I know there are times that I still get angry and what my husband says or does, (I have to bite my tongue,) but I have to let it role off me, because he is not the person I married anymore. I still love him and I will do whatever I have to, in the years to come, to make sure he is always save and I am there for him.
Patience is something we have to have, when we take on this responsibility.
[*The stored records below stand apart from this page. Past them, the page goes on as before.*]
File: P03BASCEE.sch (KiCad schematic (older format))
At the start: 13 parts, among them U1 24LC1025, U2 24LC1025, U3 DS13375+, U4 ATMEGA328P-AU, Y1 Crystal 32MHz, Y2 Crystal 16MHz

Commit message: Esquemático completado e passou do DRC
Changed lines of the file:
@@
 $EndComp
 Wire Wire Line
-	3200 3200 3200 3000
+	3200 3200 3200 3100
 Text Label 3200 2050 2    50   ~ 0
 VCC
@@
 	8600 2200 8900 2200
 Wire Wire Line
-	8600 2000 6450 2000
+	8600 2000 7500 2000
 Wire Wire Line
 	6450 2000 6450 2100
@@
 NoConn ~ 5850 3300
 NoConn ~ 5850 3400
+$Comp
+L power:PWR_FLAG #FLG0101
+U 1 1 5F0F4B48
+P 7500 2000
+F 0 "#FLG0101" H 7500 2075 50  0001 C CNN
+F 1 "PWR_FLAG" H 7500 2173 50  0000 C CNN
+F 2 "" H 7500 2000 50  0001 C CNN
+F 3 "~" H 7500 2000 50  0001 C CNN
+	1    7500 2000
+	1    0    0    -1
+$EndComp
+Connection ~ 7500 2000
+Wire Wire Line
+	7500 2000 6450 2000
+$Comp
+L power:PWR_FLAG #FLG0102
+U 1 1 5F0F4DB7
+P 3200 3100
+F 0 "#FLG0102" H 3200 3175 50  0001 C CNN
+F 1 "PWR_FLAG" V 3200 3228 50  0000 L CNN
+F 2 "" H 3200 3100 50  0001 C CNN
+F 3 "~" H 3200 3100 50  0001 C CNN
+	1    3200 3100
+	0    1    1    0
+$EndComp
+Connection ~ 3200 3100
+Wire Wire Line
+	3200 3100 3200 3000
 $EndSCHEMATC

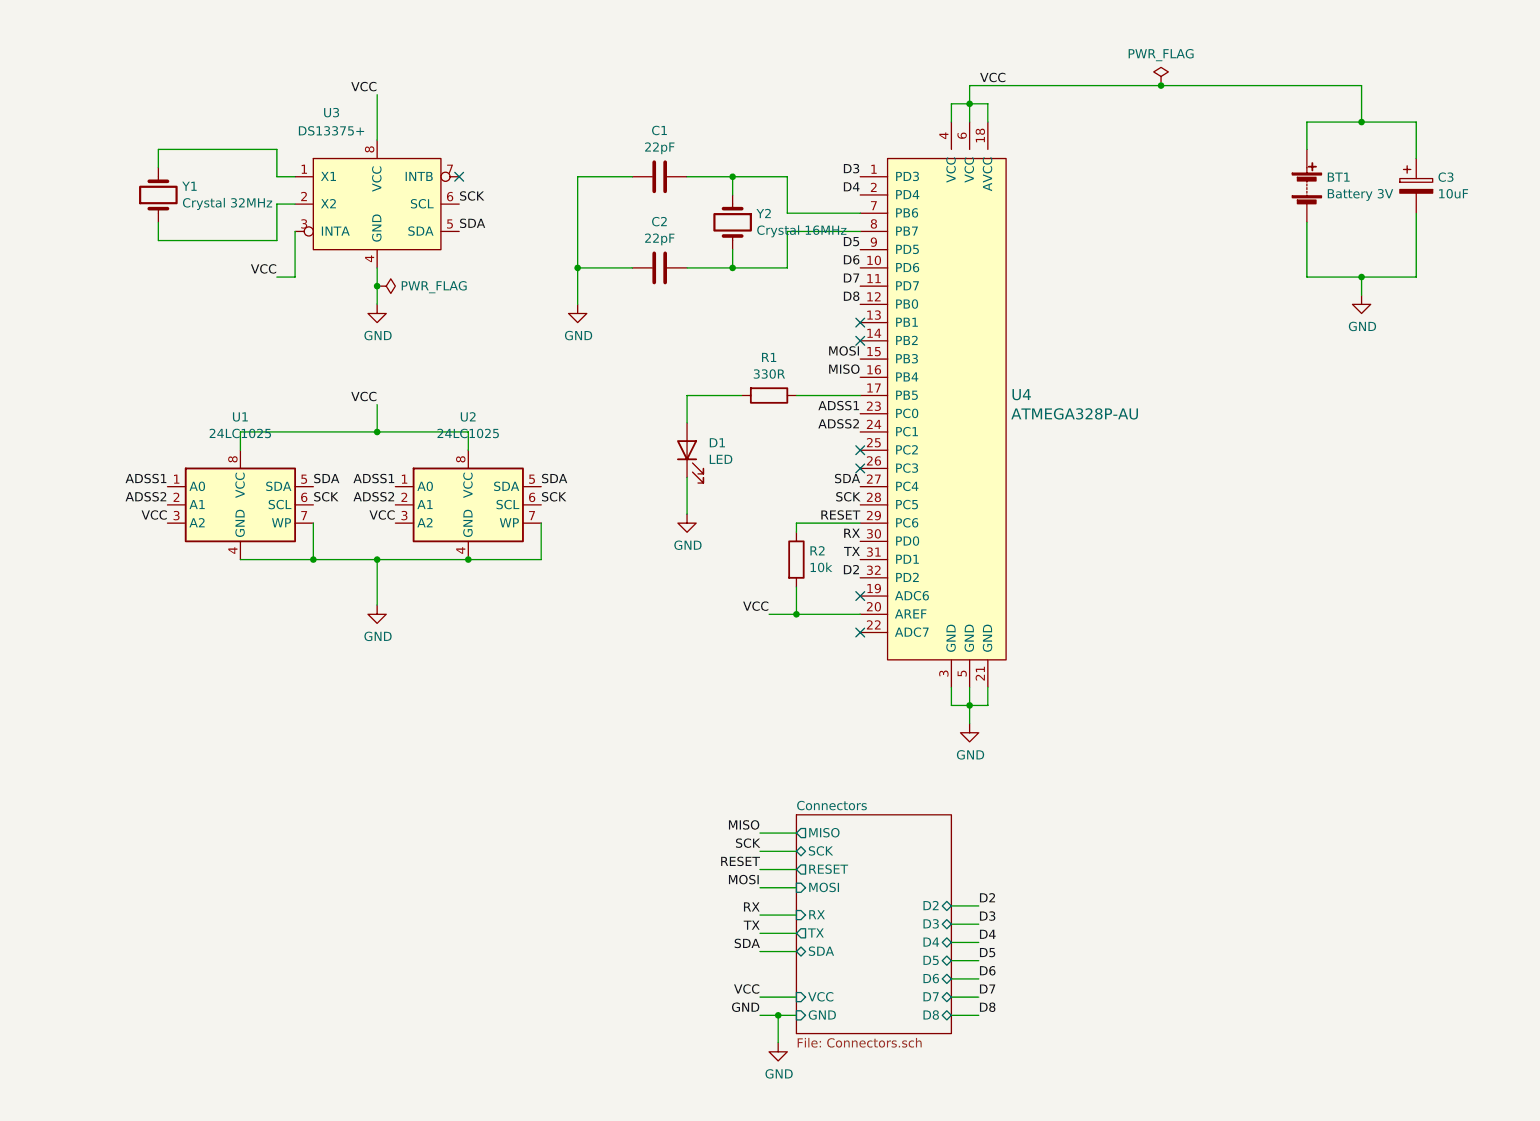
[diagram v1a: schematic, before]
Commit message: Descrições funcionais adicionadas
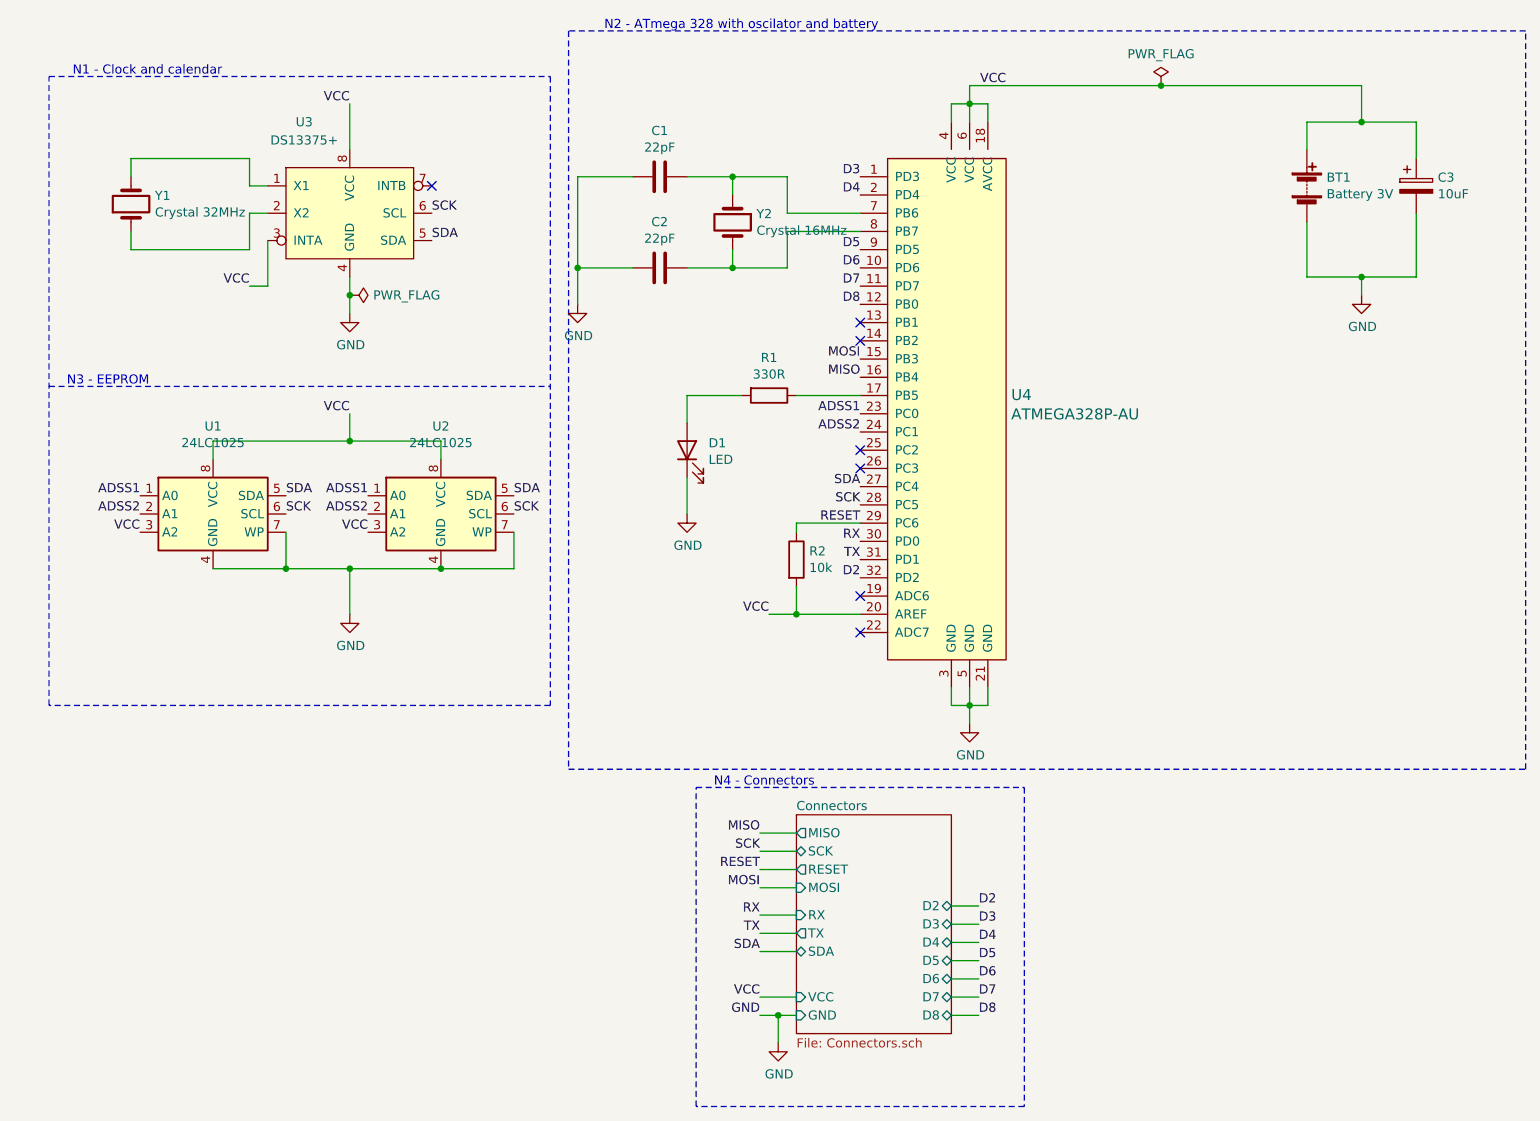
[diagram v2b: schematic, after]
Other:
- note added: "N1 - Clock and calendar"
- note added: "N2 - ATmega 328 with oscilator and battery"
- note added: "N3 - EEPROM"
- note added: "N4 - Connectors"
- moved on the sheet: U1, U2, U3, Y1
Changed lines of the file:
@@
 L Memory_EEPROM:24LC1025 U1
 U 1 1 5F034A3C
-P 2450 4300
-F 0 "U1" H 2450 4781 50  0000 C CNN
-F 1 "24LC1025" H 2450 4690 50  0000 C CNN
-F 2 "Package_SO:SO-8_5.3x6.2mm_P1.27mm" H 2450 4300 50  0001 C CNN
-F 3 "http://ww1.microchip.com/downloads/en/DeviceDoc/21941B.pdf" H 2450 4300 50  0001 C CNN
-	1    2450 4300
+P 2300 4350
+F 0 "U1" H 2300 4831 50  0000 C CNN
+F 1 "24LC1025" H 2300 4740 50  0000 C CNN
+F 2 "Package_SO:SO-8_5.3x6.2mm_P1.27mm" H 2300 4350 50  0001 C CNN
+F 3 "http://ww1.microchip.com/downloads/en/DeviceDoc/21941B.pdf" H 2300 4350 50  0001 C CNN
+	1    2300 4350
 	1    0    0    -1
 $EndComp
@@
 L DS1337:DS1337_PD U3
 U 1 1 5F04ABB9
-P 3200 2650
-F 0 "U3" H 2950 3150 50  0000 C CNN
-F 1 "DS13375+" H 2950 3050 50  0000 C CNN
-F 2 "Package_SO:SO-8_5.3x6.2mm_P1.27mm" H 3200 3050 50  0001 C CNN
-F 3 "https://datasheets.maximintegrated.com/en/ds/DS1337-DS1337C.pdf" H 3200 3050 50  0001 C CNN
-	1    3200 2650
+P 3050 2700
+F 0 "U3" H 2800 3200 50  0000 C CNN
+F 1 "DS13375+" H 2800 3100 50  0000 C CNN
+F 2 "Package_SO:SO-8_5.3x6.2mm_P1.27mm" H 3050 3100 50  0001 C CNN
+F 3 "https://datasheets.maximintegrated.com/en/ds/DS1337-DS1337C.pdf" H 3050 3100 50  0001 C CNN
+	1    3050 2700
 	1    0    0    -1
 $EndComp
@@
 L Device:Crystal Y1
 U 1 1 5F04CD00
-P 2000 2600
-F 0 "Y1" V 2046 2469 50  0000 R CNN
-F 1 "Crystal 32MHz" V 1955 2469 50  0000 R CNN
-F 2 "Crystal:Crystal_SMD_MicroCrystal_CC7V-T1A-2Pin_3.2x1.5mm" H 2000 2600 50  0001 C CNN
-F 3 "~" H 2000 2600 50  0001 C CNN
-	1    2000 2600
+P 1850 2650
+F 0 "Y1" V 1896 2519 50  0000 R CNN
+F 1 "Crystal 32MHz" V 1805 2519 50  0000 R CNN
+F 2 "Crystal:Crystal_SMD_MicroCrystal_CC7V-T1A-2Pin_3.2x1.5mm" H 1850 2650 50  0001 C CNN
+F 3 "~" H 1850 2650 50  0001 C CNN
+	1    1850 2650
 	0    -1   -1   0
 $EndComp
@@
 L Memory_EEPROM:24LC1025 U2
 U 1 1 5F05520E
-P 3700 4300
-F 0 "U2" H 3700 4781 50  0000 C CNN
-F 1 "24LC1025" H 3700 4690 50  0000 C CNN
-F 2 "Package_SO:SO-8_5.3x6.2mm_P1.27mm" H 3700 4300 50  0001 C CNN
-F 3 "http://ww1.microchip.com/downloads/en/DeviceDoc/21941B.pdf" H 3700 4300 50  0001 C CNN
-	1    3700 4300
+P 3550 4350
+F 0 "U2" H 3550 4831 50  0000 C CNN
+F 1 "24LC1025" H 3550 4740 50  0000 C CNN
+F 2 "Package_SO:SO-8_5.3x6.2mm_P1.27mm" H 3550 4350 50  0001 C CNN
+F 3 "http://ww1.microchip.com/downloads/en/DeviceDoc/21941B.pdf" H 3550 4350 50  0001 C CNN
+	1    3550 4350
 	1    0    0    -1
 $EndComp
@@
 	5400 7100 5500 7100
 Wire Wire Line
-	2000 2450 2000 2350
-Wire Wire Line
-	2000 2350 2650 2350
-Wire Wire Line
-	2650 2350 2650 2500
-Wire Wire Line
-	2650 2500 2750 2500
-Wire Wire Line
-	2000 2750 2000 2850
-Wire Wire Line
-	2000 2850 2650 2850
-Wire Wire Line
-	2650 2850 2650 2650
-Wire Wire Line
-	2650 2650 2750 2650
+	1850 2500 1850 2400
+Wire Wire Line
+	1850 2400 2500 2400
+Wire Wire Line
+	2500 2400 2500 2550
+Wire Wire Line
+	2500 2550 2600 2550
+Wire Wire Line
+	1850 2800 1850 2900
+Wire Wire Line
+	1850 2900 2500 2900
+Wire Wire Line
+	2500 2900 2500 2700
+Wire Wire Line
+	2500 2700 2600 2700
 $Comp
 L power:GND #PWR0103
 U 1 1 5F097F67
-P 3200 3200
-F 0 "#PWR0103" H 3200 2950 50  0001 C CNN
-F 1 "GND" H 3205 3027 50  0000 C CNN
-F 2 "" H 3200 3200 50  0001 C CNN
-F 3 "" H 3200 3200 50  0001 C CNN
-	1    3200 3200
-	1    0    0    -1
-$EndComp
-Wire Wire Line
-	3200 3200 3200 3100
-Text Label 3200 2050 2    50   ~ 0
-VCC
-Wire Wire Line
-	3200 2050 3200 2300
-Text Label 2650 3050 2    50   ~ 0
-VCC
-Wire Wire Line
-	2650 3050 2750 3050
-Wire Wire Line
-	2750 3050 2750 2800
-NoConn ~ 3650 2500
-Text Label 3650 2650 0    50   ~ 0
+P 3050 3250
+F 0 "#PWR0103" H 3050 3000 50  0001 C CNN
+F 1 "GND" H 3055 3077 50  0000 C CNN
+F 2 "" H 3050 3250 50  0001 C CNN
+F 3 "" H 3050 3250 50  0001 C CNN
+	1    3050 3250
+	1    0    0    -1
+$EndComp
+Wire Wire Line
+	3050 3250 3050 3150
+Text Label 3050 2100 2    50   ~ 0
+VCC
+Wire Wire Line
+	3050 2100 3050 2350
+Text Label 2500 3100 2    50   ~ 0
+VCC
+Wire Wire Line
+	2500 3100 2600 3100
+Wire Wire Line
+	2600 3100 2600 2850
+NoConn ~ 3500 2550
+Text Label 3500 2700 0    50   ~ 0
 SCK
-Text Label 3650 2800 0    50   ~ 0
+Text Label 3500 2850 0    50   ~ 0
 SDA
-Text Label 3200 3750 2    50   ~ 0
-VCC
-Wire Wire Line
-	3700 3900 3700 4000
+Text Label 3050 3800 2    50   ~ 0
+VCC
+Wire Wire Line
+	3550 3950 3550 4050
 $Comp
 L power:GND #PWR0104
 U 1 1 5F0A9793
-P 3200 4850
-F 0 "#PWR0104" H 3200 4600 50  0001 C CNN
-F 1 "GND" H 3205 4677 50  0000 C CNN
-F 2 "" H 3200 4850 50  0001 C CNN
-F 3 "" H 3200 4850 50  0001 C CNN
-	1    3200 4850
-	1    0    0    -1
-$EndComp
-Wire Wire Line
-	3200 4600 3200 4850
-Wire Wire Line
-	3200 4600 3700 4600
-Connection ~ 3200 4600
-Wire Wire Line
-	3200 3750 3200 3900
-Wire Wire Line
-	3200 3900 3700 3900
-Wire Wire Line
-	4100 4400 4100 4600
-Wire Wire Line
-	4100 4600 3700 4600
-Connection ~ 3700 4600
-Text Label 2050 4400 2    50   ~ 0
-VCC
-Text Label 3300 4400 2    50   ~ 0
-VCC
-Text Label 4100 4200 0    50   ~ 0
+P 3050 4900
+F 0 "#PWR0104" H 3050 4650 50  0001 C CNN
+F 1 "GND" H 3055 4727 50  0000 C CNN
+F 2 "" H 3050 4900 50  0001 C CNN
+F 3 "" H 3050 4900 50  0001 C CNN
+	1    3050 4900
+	1    0    0    -1
+$EndComp
+Wire Wire Line
+	3050 4650 3050 4900
+Wire Wire Line
+	3050 4650 3550 4650
+Connection ~ 3050 4650
+Wire Wire Line
+	3050 3800 3050 3950
+Wire Wire Line
+	3050 3950 3550 3950
+Wire Wire Line
+	3950 4450 3950 4650
+Wire Wire Line
+	3950 4650 3550 4650
+Connection ~ 3550 4650
+Text Label 1900 4450 2    50   ~ 0
+VCC
+Text Label 3150 4450 2    50   ~ 0
+VCC
+Text Label 3950 4250 0    50   ~ 0
 SDA
-Text Label 2850 4200 0    50   ~ 0
+Text Label 2700 4250 0    50   ~ 0
 SDA
-Text Label 4100 4300 0    50   ~ 0
+Text Label 3950 4350 0    50   ~ 0
 SCK
-Text Label 2850 4300 0    50   ~ 0
+Text Label 2700 4350 0    50   ~ 0
 SCK
 Wire Wire Line
-	2450 4600 2850 4600
-Wire Wire Line
-	2850 4400 2850 4600
-Connection ~ 2850 4600
-Wire Wire Line
-	2850 4600 3200 4600
-Wire Wire Line
-	2450 4000 2450 3900
-Wire Wire Line
-	2450 3900 3200 3900
-Connection ~ 3200 3900
-Text Label 2050 4200 2    50   ~ 0
+	2300 4650 2700 4650
+Wire Wire Line
+	2700 4450 2700 4650
+Connection ~ 2700 4650
+Wire Wire Line
+	2700 4650 3050 4650
+Wire Wire Line
+	2300 4050 2300 3950
+Wire Wire Line
+	2300 3950 3050 3950
+Connection ~ 3050 3950
+Text Label 1900 4250 2    50   ~ 0
 ADSS1
-Text Label 2050 4300 2    50   ~ 0
+Text Label 1900 4350 2    50   ~ 0
 ADSS2
-Text Label 3300 4300 2    50   ~ 0
+Text Label 3150 4350 2    50   ~ 0
 ADSS2
-Text Label 3300 4200 2    50   ~ 0
+Text Label 3150 4250 2    50   ~ 0
 ADSS1
 Text Label 5850 3800 2    50   ~ 0
@@
 L power:PWR_FLAG #FLG0102
 U 1 1 5F0F4DB7
-P 3200 3100
-F 0 "#FLG0102" H 3200 3175 50  0001 C CNN
-F 1 "PWR_FLAG" V 3200 3228 50  0000 L CNN
-F 2 "" H 3200 3100 50  0001 C CNN
-F 3 "~" H 3200 3100 50  0001 C CNN
-	1    3200 3100
+P 3050 3150
+F 0 "#FLG0102" H 3050 3225 50  0001 C CNN
+F 1 "PWR_FLAG" V 3050 3278 50  0000 L CNN
+F 2 "" H 3050 3150 50  0001 C CNN
+F 3 "~" H 3050 3150 50  0001 C CNN
+	1    3050 3150
 	0    1    1    0
 $EndComp
-Connection ~ 3200 3100
-Wire Wire Line
-	3200 3100 3200 3000
+Connection ~ 3050 3150
+Wire Wire Line
+	3050 3150 3050 3050
+Wire Notes Line
+	1400 1950 4150 1950
+Wire Notes Line
+	4150 1950 4150 5400
+Wire Notes Line
+	4150 5400 1400 5400
+Wire Notes Line
+	1400 5400 1400 1950
+Wire Notes Line
+	1400 3650 4150 3650
+Wire Notes Line
+	4950 5850 6750 5850
+Wire Notes Line
+	6750 5850 6750 7600
+Wire Notes Line
+	6750 7600 4950 7600
+Wire Notes Line
+	4950 7600 4950 5850
+Wire Notes Line
+	4250 1700 4250 5750
+Wire Notes Line
+	4250 5750 9500 5750
+Wire Notes Line
+	9500 5750 9500 1700
+Wire Notes Line
+	9500 1700 4250 1700
+Text Notes 2350 1950 2    50   ~ 0
+N1 - Clock and calendar
+Text Notes 1950 3650 2    50   ~ 0
+N3 - EEPROM
+Text Notes 5950 1700 2    50   ~ 0
+N2 - ATmega 328 with oscilator and battery
+Text Notes 5600 5850 2    50   ~ 0
+N4 - Connectors
 $EndSCHEMATC

Suggestion: be more observant, with whatever she is doing. Make sure to keep an eye on her. Example: I husband, took a scissors, from his night stand and proceed to injure himself. So, I took away all scissors. He had a cigarette lighter collection and a knife collection. I also took these away for safety reasons. He no longer drives, another precaution.
He is stubborn and bi-polar, argues and disagrees with everything I ask or say, so expect your wife will act according to how she is.
We all are going through the same things here. Be patient, kind and love her, that's all you can do.
To learn how to deal with your wife's behavior from this disease (which she can not help) I suggest watching youtube Teepa Snow video's. I found them very instructional on how to deal with my elderly Mom.
Good luck,
Jenna
I would also recommend getting a caregiver in, even an hour or two a day if you can. Give yourself a break. And, for critical behavior such as leaving the stove burners on or overflowing the bathtub, you may need more care-givers and/or consider if other steps are in order. Talk to a social worker if you can; the Alz Association (and Teepa Snow) personnel are very compassionate and understanding. Call them. You might benefit from a support group. Thanks for writing here. It not only helps and provides you support, it helps all of us deal with this. And, as I often or not often enough say to myself "But for the Grace of God Go I" (It is the only religious phrase I know).